From the data below, copy exactly the lines that lie between the one holding "Demux/3 -> Add6/1, Add2/1, Add/1" and the one holding "Add4/1 -> Gain3/1", including both, and nothing more.

*** Opening of Provided records ***

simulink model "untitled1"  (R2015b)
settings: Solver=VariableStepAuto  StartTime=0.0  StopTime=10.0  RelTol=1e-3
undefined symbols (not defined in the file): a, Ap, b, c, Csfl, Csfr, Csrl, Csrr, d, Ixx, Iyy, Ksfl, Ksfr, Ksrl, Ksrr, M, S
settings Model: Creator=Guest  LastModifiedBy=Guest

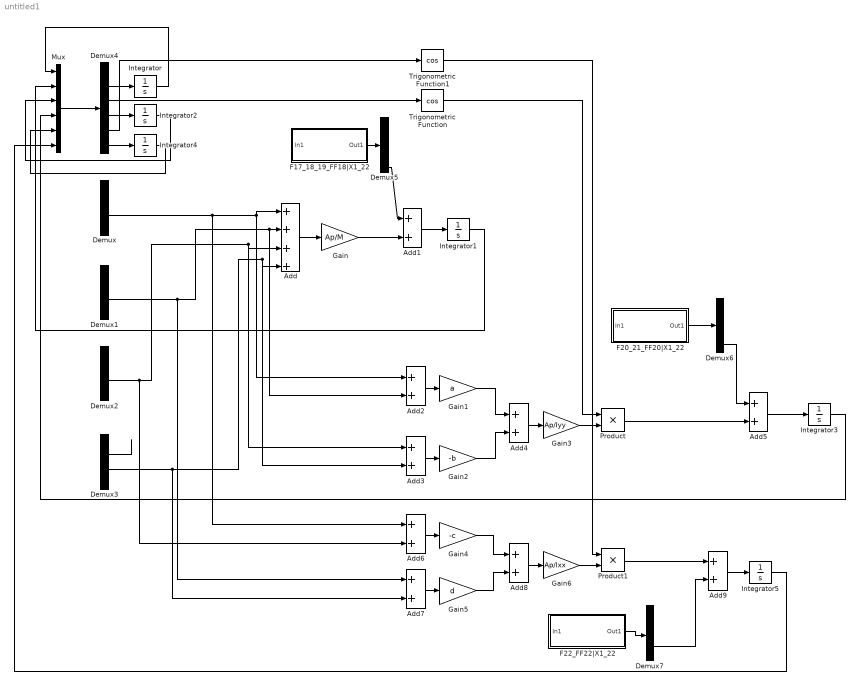
== system untitled1 ==
  Add : Sum  Inputs=4
  Add{1..9} (9 alike) : Sum  Inputs=2
  Demux{,1..3,5} (5 alike) : Demux
  Demux4 : Demux  Outputs=6
  Demux6 : Demux  Outputs=3
  Demux7 : Demux  Outputs=2
  F17_18_19_FF18|X1_22 : Subsystem  TreatAsAtomicUnit=on
  "F20_21_FF20|X1_22 " : Subsystem  TreatAsAtomicUnit=on
  F22_FF22|X1_22 : Subsystem  TreatAsAtomicUnit=on
  Gain : Gain  Gain=Ap/M
  Gain1 : Gain  Gain=a
  Gain2 : Gain  Gain=-b
  Gain3 : Gain  Gain=Ap/Iyy
  Gain4 : Gain  Gain=-c
  Gain5 : Gain  Gain=d
  Gain6 : Gain  Gain=Ap/Ixx
  Integrator{,1..5} (6 alike) : Integrator
  Mux : Mux  Inputs=6
  Product : Product
  Product1 : Product
  Trigonometric Function : Trigonometry  Operator=cos
  Trigonometric Function1 : Trigonometry  Operator=cos
  wires:
  Demux3/2 -> ?
  Mux/1 -> Demux4/1
  Demux4/2 -> Integrator/1
  Integrator/1 -> Mux/1
  Demux/3 -> Add6/1, Add2/1, Add/1
  Demux1/3 -> Add7/1, Add2/2, Add/2
  Demux2/3 -> Add6/2, Add3/1, Add/3
  Demux3/3 -> Add7/2, Add3/2, Add/4
  Add/1 -> Gain/1
  F17_18_19_FF18|X1_22/1(Out1) -> Demux5/1
  Gain/1 -> Add1/2
  Demux5/4 -> Add1/1
  Add1/1 -> Integrator1/1
  Integrator1/1 -> Mux/2
  Demux4/4 -> Integrator2/1
  Integrator2/1 -> Mux/3
  Add2/1 -> Gain1/1
  Add3/1 -> Gain2/1
  Gain1/1 -> Add4/1
  Gain2/1 -> Add4/2
  Add4/1 -> Gain3/1
  Demux4/3 -> Trigonometric Function/1
  Gain3/1 -> Product/2
  Trigonometric Function/1 -> Product/1
  "F20_21_FF20|X1_22 "/1(Out1) -> Demux6/1
  Product/1 -> Add5/2
  Demux6/3 -> Add5/1
  Add5/1 -> Integrator3/1
  Integrator3/1 -> Mux/4
  Demux4/6 -> Integrator4/1
  Integrator4/1 -> Mux/5
  Add6/1 -> Gain4/1
  Add7/1 -> Gain5/1
  Gain4/1 -> Add8/1
  Gain5/1 -> Add8/2
  Add8/1 -> Gain6/1
  Gain6/1 -> Product1/2
  Demux4/5 -> Trigonometric Function1/1
  Trigonometric Function1/1 -> Product1/1
  F22_FF22|X1_22/1(Out1) -> Demux7/1
  Demux7/2 -> Add9/2
  Product1/1 -> Add9/1
  Add9/1 -> Integrator5/1
  Integrator5/1 -> Mux/6

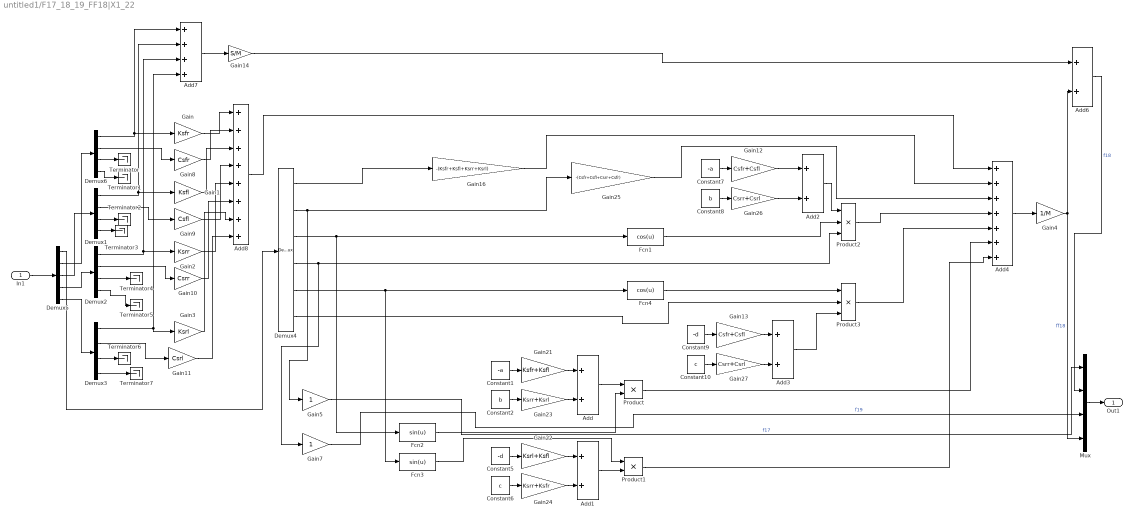
== system untitled1/F17_18_19_FF18|X1_22 ==
  In1 : Inport
  Add{,1..3,6} (5 alike) : Sum
  Add4 : Sum  Inputs=+++++++
  Add7 : Sum  Inputs=++++
  Add8 : Sum  Inputs=++++++++
  Constant1 : Constant  Value=-a
  Constant10 : Constant  Value=c
  Constant2 : Constant  Value=b
  Constant5 : Constant  Value=-d
  Constant6 : Constant  Value=c
  Constant7 : Constant  Value=-a
  Constant8 : Constant  Value=b
  Constant9 : Constant  Value=-d
  Demux{1..3,6} (4 alike) : Demux
  Demux4 : Demux  Outputs=6
  Demux5 : Demux  Outputs=5
  Fcn1 : Fcn  Expr=cos(u)
  Fcn2 : Fcn  Expr=sin(u)
  Fcn3 : Fcn  Expr=sin(u)
  Fcn4 : Fcn  Expr=cos(u)
  Gain : Gain  Gain=Ksfr
  Gain1 : Gain  Gain=Ksfl
  Gain10 : Gain  Gain=Csrr
  Gain11 : Gain  Gain=Csrl
  Gain12 : Gain  Gain=Csfr+Csfl
  Gain13 : Gain  Gain=Csfr+Csfl
  Gain14 : Gain  Gain=S/M
  Gain16 : Gain  Gain=-(Ksfr+Ksfl+Ksrr+Ksrl)
  Gain2 : Gain  Gain=Ksrr
  Gain21 : Gain  Gain=Ksfr+Ksfl
  Gain22 : Gain  Gain=Ksrl+Ksfl
  Gain23 : Gain  Gain=Ksrr+Ksrl
  Gain24 : Gain  Gain=Ksrr+Ksfr
  Gain25 : Gain  Gain=-(Csfr+Csfl+Csrr+Csfr)
  Gain26 : Gain  Gain=Csrr+Csrl
  Gain27 : Gain  Gain=Csrr+Csrl
  Gain3 : Gain  Gain=Ksrl
  Gain4 : Gain  Gain=1/M
  Gain5 : Gain
  Gain7 : Gain
  Gain8 : Gain  Gain=Csfr
  Gain9 : Gain  Gain=Csfl
  Mux : Mux
  Product : Product
  Product1 : Product
  Product2 : Product  Inputs=3
  Product3 : Product  Inputs=3
  Terminator{,1..7} (8 alike) : Terminator
  Out1 : Outport
  wires:
  Demux6/1 -> Add7/1, Gain/1
  Demux1/1 -> Gain1/1, Add7/2
  Demux2/1 -> Gain2/1, Add7/3
  Demux3/1 -> Gain3/1, Add7/4
  Demux4/1 -> Gain16/1
  Demux4/3 -> Fcn2/1, Fcn1/1
  Gain21/1 -> Add/1
  Constant1/1 -> Gain21/1
  Gain23/1 -> Add/2
  Constant2/1 -> Gain23/1
  Add/1 -> Product/1
  Fcn2/1 -> Product/2
  Demux4/5 -> Fcn3/1, Fcn4/1
  Gain22/1 -> Add1/1
  Gain24/1 -> Add1/2
  Constant5/1 -> Gain22/1
  Constant6/1 -> Gain24/1
  Add1/1 -> Product1/2
  Fcn3/1 -> Product1/1
  Demux4/2 -> Gain5/1, Gain25/1
  Demux4/4 -> Gain7/1, Product2/3
  Fcn1/1 -> Product2/2
  Gain12/1 -> Add2/1
  Constant7/1 -> Gain12/1
  Gain26/1 -> Add2/2
  Constant8/1 -> Gain26/1
  Add2/1 -> Product2/1
  Gain13/1 -> Add3/1
  Constant9/1 -> Gain13/1
  Gain27/1 -> Add3/2
  Constant10/1 -> Gain27/1
  Fcn4/1 -> Product3/1
  Demux4/6 -> Product3/2
  Add3/1 -> Product3/3
  Product/1 -> Add4/6
  Product1/1 -> Add4/7
  Add4/1 -> Gain4/1
  Gain14/1 -> Add6/1
  Gain4/1 -> Add6/2, Mux/4  "ff18"
  Add6/1 -> Mux/2  "f18"
  Gain5/1 -> Mux/1  "f17"
  Gain7/1 -> Mux/3  "f19"
  Demux6/2 -> Gain8/1
  Demux1/2 -> Gain9/1
  Demux2/2 -> Gain10/1
  Demux3/2 -> Gain11/1
  Add7/1 -> Gain14/1
  Gain/1 -> Add8/1
  Gain8/1 -> Add8/2
  Gain1/1 -> Add8/3
  Gain9/1 -> Add8/4
  Gain2/1 -> Add8/5
  Gain10/1 -> Add8/6
  Gain3/1 -> Add8/7
  Gain11/1 -> Add8/8
  Product3/1 -> Add4/5
  Product2/1 -> Add4/4
  Gain25/1 -> Add4/3
  Gain16/1 -> Add4/2
  Add8/1 -> Add4/1
  Demux6/3 -> Terminator/1
  Demux6/4 -> Terminator1/1
  Demux1/3 -> Terminator2/1
  Demux1/4 -> Terminator3/1
  Demux2/3 -> Terminator4/1
  Demux2/4 -> Terminator5/1
  Demux3/3 -> Terminator6/1
  Demux3/4 -> Terminator7/1
  Demux5/2 -> Demux6/1
  Demux5/3 -> Demux1/1
  Demux5/4 -> Demux2/1
  Demux5/5 -> Demux3/1
  In1/1 -> Demux5/1
  Mux/1 -> Out1/1
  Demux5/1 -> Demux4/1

*** Close of Provided records ***

* Exercise result *
  Demux/3 -> Add6/1, Add2/1, Add/1
  Demux1/3 -> Add7/1, Add2/2, Add/2
  Demux2/3 -> Add6/2, Add3/1, Add/3
  Demux3/3 -> Add7/2, Add3/2, Add/4
  Add/1 -> Gain/1
  F17_18_19_FF18|X1_22/1(Out1) -> Demux5/1
  Gain/1 -> Add1/2
  Demux5/4 -> Add1/1
  Add1/1 -> Integrator1/1
  Integrator1/1 -> Mux/2
  Demux4/4 -> Integrator2/1
  Integrator2/1 -> Mux/3
  Add2/1 -> Gain1/1
  Add3/1 -> Gain2/1
  Gain1/1 -> Add4/1
  Gain2/1 -> Add4/2
  Add4/1 -> Gain3/1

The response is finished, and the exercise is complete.